> **What you need to do**
Please retype every record exactly as it appears, omitting the pictures.

> **Dataset records**
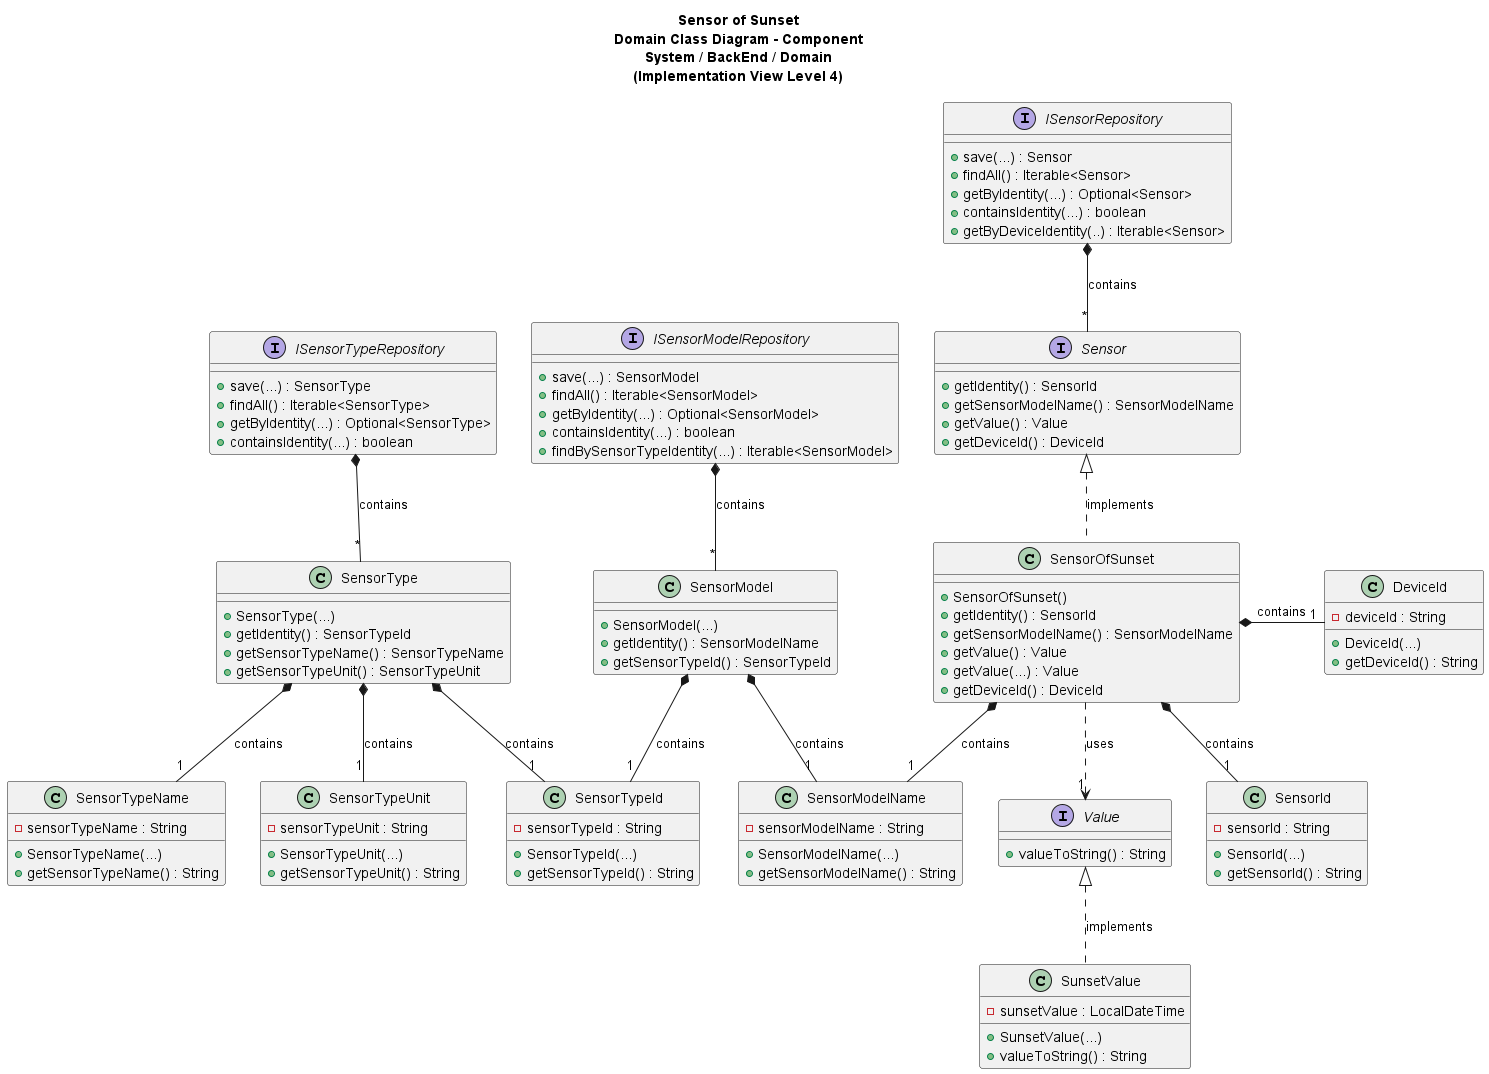

The diagram above was rendered by PlantUML. Its source (embedded in the PNG):
@startuml

title Sensor of Sunset\nDomain Class Diagram - Component\nSystem / BackEnd / Domain\n(Implementation View Level 4)

/'
As Product Owner, I want the system to have a type of sensor
that gives the sunset instant for a given calendar date.
'/

interface Sensor {
+ getIdentity() : SensorId
+ getSensorModelName() : SensorModelName
+ getValue() : Value
+ getDeviceId() : DeviceId
}

class SensorId{
- sensorId : String
+ SensorId(...)
+ getSensorId() : String
}

interface Value{
+ valueToString() : String
}

class SunsetValue {
    - sunsetValue : LocalDateTime
    + SunsetValue(...)
    + valueToString() : String
}

class SensorModelName{
- sensorModelName : String
+ SensorModelName(...)
+ getSensorModelName() : String
}

class SensorType {
+ SensorType(...)
+ getIdentity() : SensorTypeId
+ getSensorTypeName() : SensorTypeName
+ getSensorTypeUnit() : SensorTypeUnit
}

class SensorTypeName{
- sensorTypeName : String
+ SensorTypeName(...)
+ getSensorTypeName() : String
}

class SensorTypeUnit{
- sensorTypeUnit : String
+ SensorTypeUnit(...)
+ getSensorTypeUnit() : String
}

class SensorModel{
+ SensorModel(...)
+ getIdentity() : SensorModelName
+ getSensorTypeId() : SensorTypeId
}

class SensorTypeId{
- sensorTypeId : String
+ SensorTypeId(...)
+ getSensorTypeId() : String
}

interface ISensorRepository {
+ save(...) : Sensor
+ findAll() : Iterable<Sensor>
+ getByIdentity(...) : Optional<Sensor>
+ containsIdentity(...) : boolean
+ getByDeviceIdentity(..) : Iterable<Sensor>
}

interface ISensorTypeRepository {
+ save(...) : SensorType
+ findAll() : Iterable<SensorType>
+ getByIdentity(...) : Optional<SensorType>
+ containsIdentity(...) : boolean
}

interface ISensorModelRepository {
+ save(...) : SensorModel
+ findAll() : Iterable<SensorModel>
+ getByIdentity(...) : Optional<SensorModel>
+ containsIdentity(...) : boolean
+ findBySensorTypeIdentity(...) : Iterable<SensorModel>
}

class SensorOfSunset {
    + SensorOfSunset()
    + getIdentity() : SensorId
    + getSensorModelName() : SensorModelName
    + getValue() : Value
    + getValue(...) : Value
    + getDeviceId() : DeviceId
}

class DeviceId{
- deviceId : String
+ DeviceId(...)
+ getDeviceId() : String
}

SunsetValue .up.|> Value : implements
SensorOfSunset .up.|> Sensor : implements
SensorOfSunset *-- "1" SensorId : contains
SensorOfSunset ..> "1" Value : uses
SensorOfSunset *-- "1" SensorModelName : contains
SensorOfSunset *-right- "1" DeviceId : contains
SensorModel *-- "1" SensorModelName : contains
SensorModel *-- "1" SensorTypeId : contains
SensorType *-- "1" SensorTypeId: contains
SensorType *-- "1" SensorTypeName : contains
SensorType *-- "1" SensorTypeUnit : contains
ISensorRepository *-- "*" Sensor : contains
ISensorTypeRepository *-- "*" SensorType : contains
ISensorModelRepository *-- "*" SensorModel : contains

@enduml

> **Output for this task**
The diagram above was rendered by PlantUML. Its source (embedded in the PNG):
@startuml

title Sensor of Sunset\nDomain Class Diagram - Component\nSystem / BackEnd / Domain\n(Implementation View Level 4)

/'
As Product Owner, I want the system to have a type of sensor
that gives the sunset instant for a given calendar date.
'/

interface Sensor {
+ getIdentity() : SensorId
+ getSensorModelName() : SensorModelName
+ getValue() : Value
+ getDeviceId() : DeviceId
}

class SensorId{
- sensorId : String
+ SensorId(...)
+ getSensorId() : String
}

interface Value{
+ valueToString() : String
}

class SunsetValue {
    - sunsetValue : LocalDateTime
    + SunsetValue(...)
    + valueToString() : String
}

class SensorModelName{
- sensorModelName : String
+ SensorModelName(...)
+ getSensorModelName() : String
}

class SensorType {
+ SensorType(...)
+ getIdentity() : SensorTypeId
+ getSensorTypeName() : SensorTypeName
+ getSensorTypeUnit() : SensorTypeUnit
}

class SensorTypeName{
- sensorTypeName : String
+ SensorTypeName(...)
+ getSensorTypeName() : String
}

class SensorTypeUnit{
- sensorTypeUnit : String
+ SensorTypeUnit(...)
+ getSensorTypeUnit() : String
}

class SensorModel{
+ SensorModel(...)
+ getIdentity() : SensorModelName
+ getSensorTypeId() : SensorTypeId
}

class SensorTypeId{
- sensorTypeId : String
+ SensorTypeId(...)
+ getSensorTypeId() : String
}

interface ISensorRepository {
+ save(...) : Sensor
+ findAll() : Iterable<Sensor>
+ getByIdentity(...) : Optional<Sensor>
+ containsIdentity(...) : boolean
+ getByDeviceIdentity(..) : Iterable<Sensor>
}

interface ISensorTypeRepository {
+ save(...) : SensorType
+ findAll() : Iterable<SensorType>
+ getByIdentity(...) : Optional<SensorType>
+ containsIdentity(...) : boolean
}

interface ISensorModelRepository {
+ save(...) : SensorModel
+ findAll() : Iterable<SensorModel>
+ getByIdentity(...) : Optional<SensorModel>
+ containsIdentity(...) : boolean
+ findBySensorTypeIdentity(...) : Iterable<SensorModel>
}

class SensorOfSunset {
    + SensorOfSunset()
    + getIdentity() : SensorId
    + getSensorModelName() : SensorModelName
    + getValue() : Value
    + getValue(...) : Value
    + getDeviceId() : DeviceId
}

class DeviceId{
- deviceId : String
+ DeviceId(...)
+ getDeviceId() : String
}

SunsetValue .up.|> Value : implements
SensorOfSunset .up.|> Sensor : implements
SensorOfSunset *-- "1" SensorId : contains
SensorOfSunset ..> "1" Value : uses
SensorOfSunset *-- "1" SensorModelName : contains
SensorOfSunset *-right- "1" DeviceId : contains
SensorModel *-- "1" SensorModelName : contains
SensorModel *-- "1" SensorTypeId : contains
SensorType *-- "1" SensorTypeId: contains
SensorType *-- "1" SensorTypeName : contains
SensorType *-- "1" SensorTypeUnit : contains
ISensorRepository *-- "*" Sensor : contains
ISensorTypeRepository *-- "*" SensorType : contains
ISensorModelRepository *-- "*" SensorModel : contains

@enduml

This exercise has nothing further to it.